Monday, June 24, 2013

Window on Eurasia: Half of Capital Flight from Russia Leaving via Customs Union Countries

Paul Goble

            Staunton, June 24 – Russians have long been upset by the influx of Central Asia and Caucasian gastarbeiters, but now they have an additional reason to be worried about the impact of special relationships between their country and the former Soviet republics: half of the illegal capital flight from Russia is going via its customs union partners, Kazakhstan and Belarus.

            For the first time, the Russian Central Bank has published data on illegal capital flight abroad by means of illegal declarations of imports from the Customs Union countries.  It turns out, Oleg Gladunov writes on the “Svobodnaya pressa” portal, that the new figures are “worse than anyone expected” (   

            According to the bank, 10 billion US dollars of capital is leaving the Russian Federation covered by imaginary imports from Kazakhstan, and another 15 billion is leaving the country by the same means through Belarus, out of the total of 49 billion US dollars of capital flight from Russia in 2012.

            This method also means that Russian data have been overstating the amount of trade the existence of the Customs Union has produced and understated the collapse of that trade over the last several years, Vladislav Zhukovsky, an analyst at Rikom-Trust, told “Svobodnaya pressa,” noting that these declines are overshadowed by the declines in Russian foreign trade overall.

            But “if the worsening of Russia’s trade balance with countries of the far abroad can be explained by the crisis in Europe, the chronic inability of Russian bureaucrats to guarantee competitive advantages … on the post-Soviet space and to extract a profit [from its integration] is openly stupefying,” the analyst added.

            In this regard, Gladunov notes that “the extent of illegal financial operations with Customs Union countries is growing very rapidly.”  And that in turn means that “the noble goal of promoting trade and economic cooperation among the former fraternal republics has been undermined by the growth of criminal operations, as so often happens in Russia.”

            The way in which the Customs Union operates creates “favorable” conditions for this and has allowed those who want to send capital abroad the chance to do so by filing false reports that the money is going to pay for imports from these countries.  As there is no customs control at the borders of the Union, it is very difficult to check which declarations are true and which false.

            But it is quite possible to estimate the size of such flows, Gladunov says, pointing out that the Central Bank can do so by doing an analysis of trade flows.  Last year, when it carried out such a study, the Moscow bank dentified Belarus as a major channel of illegal capital flight; this year, it has added Kazakhstan to the list.

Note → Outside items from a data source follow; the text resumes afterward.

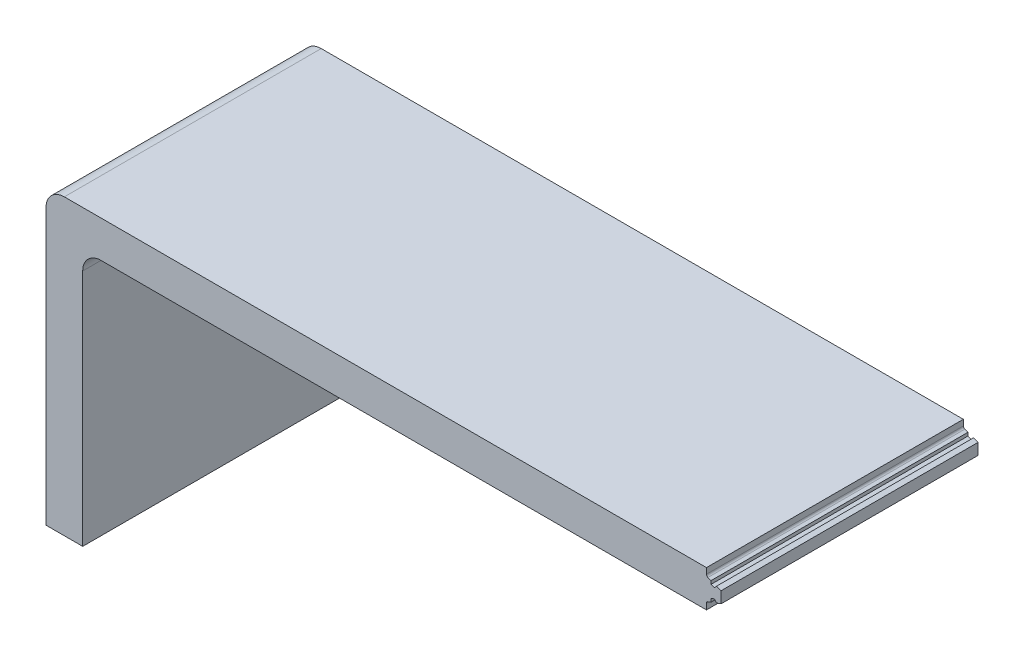
ISO-10303-21;
HEADER;
FILE_DESCRIPTION(('STEP AP214'),'2;1');
FILE_NAME('part.step','',(''),(''),'','','');
FILE_SCHEMA(('AUTOMOTIVE_DESIGN { 1 0 10303 214 1 1 1 1 }'));
ENDSEC;
DATA;
#1=APPLICATION_CONTEXT('core data for automotive mechanical design processes');
#2=APPLICATION_PROTOCOL_DEFINITION('international standard','automotive_design',2000,#1);
#3=PRODUCT_CONTEXT('',#1,'mechanical');
#4=PRODUCT('Part','Part','',(#3));
#5=PRODUCT_RELATED_PRODUCT_CATEGORY('part','',(#4));
#6=PRODUCT_DEFINITION_FORMATION('','',#4);
#7=PRODUCT_DEFINITION_CONTEXT('part definition',#1,'design');
#8=PRODUCT_DEFINITION('design','',#6,#7);
#9=PRODUCT_DEFINITION_SHAPE('','',#8);
#10=(LENGTH_UNIT() NAMED_UNIT(*) SI_UNIT(.MILLI.,.METRE.));
#11=(NAMED_UNIT(*) PLANE_ANGLE_UNIT() SI_UNIT($,.RADIAN.));
#12=(NAMED_UNIT(*) SI_UNIT($,.STERADIAN.) SOLID_ANGLE_UNIT());
#13=UNCERTAINTY_MEASURE_WITH_UNIT(LENGTH_MEASURE(1.E-05),#10,'distance_accuracy_value','');
#14=(GEOMETRIC_REPRESENTATION_CONTEXT(3) GLOBAL_UNCERTAINTY_ASSIGNED_CONTEXT((#13)) GLOBAL_UNIT_ASSIGNED_CONTEXT((#10,
#11,#12)) REPRESENTATION_CONTEXT('',''));
#15=CARTESIAN_POINT('',(0.,0.,0.));
#16=DIRECTION('',(0.,0.,1.));
#17=DIRECTION('',(1.,0.,0.));
#18=AXIS2_PLACEMENT_3D('',#15,#16,#17);
#19=CARTESIAN_POINT('',(12.7,0.,88.9));
#20=DIRECTION('',(0.,1.,0.));
#21=DIRECTION('',(-1.,0.,0.));
#22=AXIS2_PLACEMENT_3D('',#19,#20,#21);
#23=PLANE('',#22);
#24=DIRECTION('',(1.,0.,0.));
#25=VECTOR('',#24,1.);
#26=CARTESIAN_POINT('',(12.7,0.,0.));
#27=LINE('',#26,#25);
#28=CARTESIAN_POINT('',(0.,0.,0.));
#29=VERTEX_POINT('',#28);
#30=CARTESIAN_POINT('',(12.7,0.,0.));
#31=VERTEX_POINT('',#30);
#32=EDGE_CURVE('E325',#29,#31,#27,.T.);
#33=ORIENTED_EDGE('',*,*,#32,.T.);
#34=DIRECTION('',(0.,0.,-1.));
#35=VECTOR('',#34,1.);
#36=CARTESIAN_POINT('',(12.7,0.,88.9));
#37=LINE('',#36,#35);
#38=CARTESIAN_POINT('',(12.7,0.,88.9));
#39=VERTEX_POINT('',#38);
#40=EDGE_CURVE('E345',#39,#31,#37,.T.);
#41=ORIENTED_EDGE('',*,*,#40,.F.);
#42=DIRECTION('',(1.,0.,0.));
#43=VECTOR('',#42,1.);
#44=CARTESIAN_POINT('',(12.7,0.,88.9));
#45=LINE('',#44,#43);
#46=CARTESIAN_POINT('',(0.,0.,88.9));
#47=VERTEX_POINT('',#46);
#48=EDGE_CURVE('E301',#47,#39,#45,.T.);
#49=ORIENTED_EDGE('',*,*,#48,.F.);
#50=DIRECTION('',(0.,0.,-1.));
#51=VECTOR('',#50,1.);
#52=CARTESIAN_POINT('',(0.,0.,88.9));
#53=LINE('',#52,#51);
#54=EDGE_CURVE('E324',#47,#29,#53,.T.);
#55=ORIENTED_EDGE('',*,*,#54,.T.);
#56=EDGE_LOOP('',(#33,#41,#49,#55));
#57=FACE_BOUND('',#56,.T.);
#58=ADVANCED_FACE('F45',(#57),#23,.F.);
#59=CARTESIAN_POINT('',(12.7,88.9,88.9));
#60=DIRECTION('',(-1.,0.,0.));
#61=DIRECTION('',(0.,-1.,0.));
#62=AXIS2_PLACEMENT_3D('',#59,#60,#61);
#63=PLANE('',#62);
#64=DIRECTION('',(0.,1.,0.));
#65=VECTOR('',#64,1.);
#66=CARTESIAN_POINT('',(12.7,88.9,0.));
#67=LINE('',#66,#65);
#68=CARTESIAN_POINT('',(12.7,82.55,0.));
#69=VERTEX_POINT('',#68);
#70=EDGE_CURVE('E220',#31,#69,#67,.T.);
#71=ORIENTED_EDGE('',*,*,#70,.T.);
#72=DIRECTION('',(0.,0.,-1.));
#73=VECTOR('',#72,1.);
#74=CARTESIAN_POINT('',(12.7,82.55,88.9));
#75=LINE('',#74,#73);
#76=CARTESIAN_POINT('',(12.7,82.55,88.9));
#77=VERTEX_POINT('',#76);
#78=EDGE_CURVE('E351',#69,#77,#75,.F.);
#79=ORIENTED_EDGE('',*,*,#78,.T.);
#80=DIRECTION('',(0.,1.,0.));
#81=VECTOR('',#80,1.);
#82=CARTESIAN_POINT('',(12.7,88.9,88.9));
#83=LINE('',#82,#81);
#84=EDGE_CURVE('E305',#39,#77,#83,.T.);
#85=ORIENTED_EDGE('',*,*,#84,.F.);
#86=ORIENTED_EDGE('',*,*,#40,.T.);
#87=EDGE_LOOP('',(#71,#79,#85,#86));
#88=FACE_BOUND('',#87,.T.);
#89=ADVANCED_FACE('F470',(#88),#63,.F.);
#90=CARTESIAN_POINT('',(233.68,88.9,88.9));
#91=DIRECTION('',(0.,1.,0.));
#92=DIRECTION('',(-1.,0.,0.));
#93=AXIS2_PLACEMENT_3D('',#90,#91,#92);
#94=PLANE('',#93);
#95=DIRECTION('',(1.,0.,0.));
#96=VECTOR('',#95,1.);
#97=CARTESIAN_POINT('',(233.68,88.9,88.9));
#98=LINE('',#97,#96);
#99=CARTESIAN_POINT('',(19.05,88.9,88.9));
#100=VERTEX_POINT('',#99);
#101=CARTESIAN_POINT('',(228.6,88.9,88.9));
#102=VERTEX_POINT('',#101);
#103=EDGE_CURVE('E310',#100,#102,#98,.T.);
#104=ORIENTED_EDGE('',*,*,#103,.F.);
#105=DIRECTION('',(0.,0.,-1.));
#106=VECTOR('',#105,1.);
#107=CARTESIAN_POINT('',(19.05,88.9,0.));
#108=LINE('',#107,#106);
#109=CARTESIAN_POINT('',(19.05,88.9,0.));
#110=VERTEX_POINT('',#109);
#111=EDGE_CURVE('E217',#100,#110,#108,.T.);
#112=ORIENTED_EDGE('',*,*,#111,.T.);
#113=DIRECTION('',(1.,0.,0.));
#114=VECTOR('',#113,1.);
#115=CARTESIAN_POINT('',(233.68,88.9,0.));
#116=LINE('',#115,#114);
#117=CARTESIAN_POINT('',(228.6,88.9,0.));
#118=VERTEX_POINT('',#117);
#119=EDGE_CURVE('E198',#110,#118,#116,.T.);
#120=ORIENTED_EDGE('',*,*,#119,.T.);
#121=DIRECTION('',(0.,0.,1.));
#122=VECTOR('',#121,1.);
#123=CARTESIAN_POINT('',(228.6,88.9,0.));
#124=LINE('',#123,#122);
#125=EDGE_CURVE('E215',#118,#102,#124,.T.);
#126=ORIENTED_EDGE('',*,*,#125,.T.);
#127=EDGE_LOOP('',(#104,#112,#120,#126));
#128=FACE_BOUND('',#127,.T.);
#129=ADVANCED_FACE('F214',(#128),#94,.F.);
#130=CARTESIAN_POINT('',(233.68,88.9,88.9));
#131=DIRECTION('',(-1.,0.,0.));
#132=DIRECTION('',(0.,0.,1.));
#133=AXIS2_PLACEMENT_3D('',#130,#131,#132);
#134=PLANE('',#133);
#135=DIRECTION('',(0.,1.,0.));
#136=VECTOR('',#135,1.);
#137=CARTESIAN_POINT('',(233.68,88.9,88.9));
#138=LINE('',#137,#136);
#139=CARTESIAN_POINT('',(233.68,93.2889687900724,88.9));
#140=VERTEX_POINT('',#139);
#141=CARTESIAN_POINT('',(233.68,97.2110312099276,88.9));
#142=VERTEX_POINT('',#141);
#143=EDGE_CURVE('E313',#140,#142,#138,.T.);
#144=ORIENTED_EDGE('',*,*,#143,.F.);
#145=DIRECTION('',(0.,0.,1.));
#146=VECTOR('',#145,1.);
#147=CARTESIAN_POINT('',(233.68,93.2889687900724,0.));
#148=LINE('',#147,#146);
#149=CARTESIAN_POINT('',(233.68,93.2889687900724,0.));
#150=VERTEX_POINT('',#149);
#151=EDGE_CURVE('E227',#150,#140,#148,.T.);
#152=ORIENTED_EDGE('',*,*,#151,.F.);
#153=DIRECTION('',(0.,1.,0.));
#154=VECTOR('',#153,1.);
#155=CARTESIAN_POINT('',(233.68,88.9,0.));
#156=LINE('',#155,#154);
#157=CARTESIAN_POINT('',(233.68,97.2110312099276,0.));
#158=VERTEX_POINT('',#157);
#159=EDGE_CURVE('E219',#150,#158,#156,.T.);
#160=ORIENTED_EDGE('',*,*,#159,.T.);
#161=DIRECTION('',(0.,0.,1.));
#162=VECTOR('',#161,1.);
#163=CARTESIAN_POINT('',(233.68,97.2110312099276,0.));
#164=LINE('',#163,#162);
#165=EDGE_CURVE('E252',#158,#142,#164,.T.);
#166=ORIENTED_EDGE('',*,*,#165,.T.);
#167=EDGE_LOOP('',(#144,#152,#160,#166));
#168=FACE_BOUND('',#167,.T.);
#169=ADVANCED_FACE('F443',(#168),#134,.F.);
#170=CARTESIAN_POINT('',(0.,101.6,88.9));
#171=DIRECTION('',(0.,-1.,0.));
#172=DIRECTION('',(0.,0.,-1.));
#173=AXIS2_PLACEMENT_3D('',#170,#171,#172);
#174=PLANE('',#173);
#175=DIRECTION('',(-1.,0.,0.));
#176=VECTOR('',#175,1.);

            Such estimates, however, rest on trade statistics and those in this case are highly suspect because they rely on the declarations of individual companies. At present, “only 50 percent” of them provide statistical reports about their operations. And thus, “it is practically impossible” to specify what is moving and in which directions between and among these countries.

            To try to improve the situation, the Russian Central Bank has asked banks that handle such transfers of money to gather more information from the companies involved, but experts say, Gladunov continues, that the companies and banks are likely to be reluctant to do so, even more in the case of Kazakhstan than in that of Belarus.

            The Belarus National Bank at least has a data base on goods and financial transfers; Kazakhstan does not, “and to test the genuineness of documents by which goods are exported will be anything but simple.” Russian banks are likely to point to that and decide not to follow the recommendations of the Russian Central Bank.

            Given all this, many Russians are likely to see cooperation with the former Soviet republics as ever less attractive and to resist efforts by the Kremlin to promote tighter integration. That could mean that the current push in Russia to establish visa requirements for Central Asians may soon be followed by one to restrict economic and financial ties as well.

                And that in turn means that once again the Russian Federation, for all that its leaders talk about promoting the re-integration of the post-Soviet space, may in fact find themselves driven to take steps that not only will block greater integration in the future but walk back some of the moves that Moscow has made in that direction over the last decade.